The Senate Committee on Appropriations has approved a fiscal year (FY) 2025 funding level of $129 million for the Railroad Retirement Board (RRB). The RRB appreciates the Committee’s mark, which is notably higher than the House’s proposed spending level. But it should be noted that Congress cut the RRB’s budget for FY 2024, which has severely impacted agency operations. While the Senate’s proposal would reverse that cut and give the agency a small 0.78 percent increase from FY 2023, the proposed appropriation of $129 million is still $5 million less than the President’s request, $43.3 million less than the RRB’s request, and significantly short of what the agency needs to carry out its mission.
With a $129 million budget, the RRB will be forced to continue its existing hiring freeze and operational cutbacks, initiated as a result of the agency’s FY 2024 budget reduction, while continuing to lose decades of institutional knowledge through retirements. Further, the RRB will be unable to move forward with its multi-year Information Technology (IT) modernization project, resulting in continued dependence on antiquated systems and inefficient processes and a further deterioration of service to the nation’s railroaders.
After several years of inadequate flat funding, in 2018, the RRB received funding targeted towards improvements to the agency’s IT systems. However, during that period, there were no significant increases to the agency’s administrative budget. The RRB did not receive a significant boost to its administrative budget until 2022, and even then the increase was not sufficient to bring the agency back up to needed staffing levels. The insufficient funding levels over the last decade have led directly to unacceptable delays in service to the rail employees and annuitants who have paid into the railroad retirement system their entire careers.
At the same time the Senate Appropriations Committee approved a $129 million funding level for the RRB, it increased funding for the Social Security Administration (SSA) by $509 million to “help SSA address service delivery challenges and improve services for Americans across the country.” As noted by the Committee, “Americans rely on Social Security, have earned benefits through a lifetime of work, and deserve access to timely services.” Our nation’s railroaders also have earned their benefits through a lifetime of work and likewise deserve access to timely services.
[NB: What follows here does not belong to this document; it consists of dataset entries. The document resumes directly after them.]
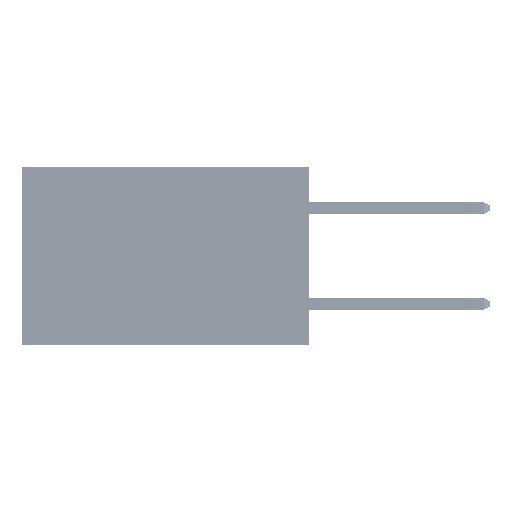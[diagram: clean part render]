
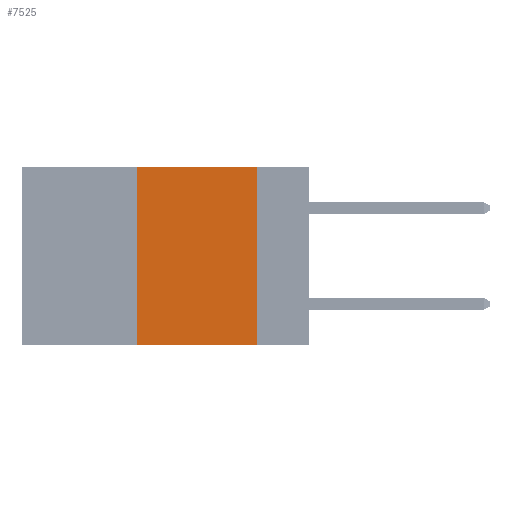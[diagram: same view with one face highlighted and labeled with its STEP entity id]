
A CAD part, left-side view. The second image highlights one B-rep face of the part: STEP entity #7525.
In plain terms, the highlighted planar face has unit normal (-1, 0, 0).
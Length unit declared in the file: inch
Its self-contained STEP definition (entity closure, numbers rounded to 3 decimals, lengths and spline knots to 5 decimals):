
#879 = LINE ( 'NONE', #26048, #45640 ) ;
#3293 = VERTEX_POINT ( 'NONE', #42891 ) ;
#6541 = EDGE_CURVE ( 'NONE', #43078, #25718, #20028, .T. ) ;
#7525 = ADVANCED_FACE ( 'NONE', ( #15711 ), #18963, .F. ) ;
#7564 = DIRECTION ( 'NONE',  ( 0., -1., 0. ) ) ;
#7816 = EDGE_LOOP ( 'NONE', ( #14968, #36415, #44368, #32407 ) ) ;
#9831 = LINE ( 'NONE', #10263, #24157 ) ;
#10263 = CARTESIAN_POINT ( 'NONE',  ( 0., 0.11, 0. ) ) ;
#13385 = EDGE_CURVE ( 'NONE', #25718, #21442, #9831, .T. ) ;
#14759 = DIRECTION ( 'NONE',  ( 0., 0., -1. ) ) ;
#14968 = ORIENTED_EDGE ( 'NONE', *, *, #13385, .F. ) ;
#15711 = FACE_OUTER_BOUND ( 'NONE', #7816, .T. ) ;
#15737 = CARTESIAN_POINT ( 'NONE',  ( 0., 0.11, 0. ) ) ;
#18963 = PLANE ( 'NONE',  #31543 ) ;
#20028 = LINE ( 'NONE', #35067, #37932 ) ;
#21442 = VERTEX_POINT ( 'NONE', #47160 ) ;
#22463 = EDGE_CURVE ( 'NONE', #3293, #21442, #35205, .T. ) ;
#22717 = DIRECTION ( 'NONE',  ( 0., 0., 1. ) ) ;
#24157 = VECTOR ( 'NONE', #14759, 39.37008 ) ;
#25075 = VECTOR ( 'NONE', #7564, 39.37008 ) ;
#25718 = VERTEX_POINT ( 'NONE', #15737 ) ;
#26048 = CARTESIAN_POINT ( 'NONE',  ( 0., 0.36, 0. ) ) ;
#29996 = DIRECTION ( 'NONE',  ( 0., 0., -1. ) ) ;
#31543 = AXIS2_PLACEMENT_3D ( 'NONE', #45636, #33831, #29996 ) ;
#32407 = ORIENTED_EDGE ( 'NONE', *, *, #22463, .T. ) ;
#33831 = DIRECTION ( 'NONE',  ( 1., 0., 0. ) ) ;
#35067 = CARTESIAN_POINT ( 'NONE',  ( 0., 0.6, 0. ) ) ;
#35205 = LINE ( 'NONE', #45918, #25075 ) ;
#35748 = CARTESIAN_POINT ( 'NONE',  ( 0., 0.36, 0. ) ) ;
#36415 = ORIENTED_EDGE ( 'NONE', *, *, #6541, .F. ) ;
#37891 = EDGE_CURVE ( 'NONE', #3293, #43078, #879, .T. ) ;
#37932 = VECTOR ( 'NONE', #46868, 39.37008 ) ;
#42891 = CARTESIAN_POINT ( 'NONE',  ( 0., 0.36, -0.37 ) ) ;
#43078 = VERTEX_POINT ( 'NONE', #35748 ) ;
#44368 = ORIENTED_EDGE ( 'NONE', *, *, #37891, .F. ) ;
#45636 = CARTESIAN_POINT ( 'NONE',  ( 0., 0.6, 0. ) ) ;
#45640 = VECTOR ( 'NONE', #22717, 39.37008 ) ;
#45918 = CARTESIAN_POINT ( 'NONE',  ( 0., 0.6, -0.37 ) ) ;
#46868 = DIRECTION ( 'NONE',  ( 0., -1., 0. ) ) ;
#47160 = CARTESIAN_POINT ( 'NONE',  ( 0., 0.11, -0.37 ) ) ;

Railroad employees and employers pay a combined 18 percent in payroll taxes for enhanced benefits, above and beyond what other American workers and employers pay for their benefits. These payroll taxes directly fund the RRB’s administrative budget.
Railroad employees and their families deserve proper service during their more vulnerable years—especially since they have paid more for it. The RRB needs sufficient funding to increase staffing, continue to make needed IT improvements, keep field offices open to the public, and adequately execute its mission. Its constituents expect and deserve no less.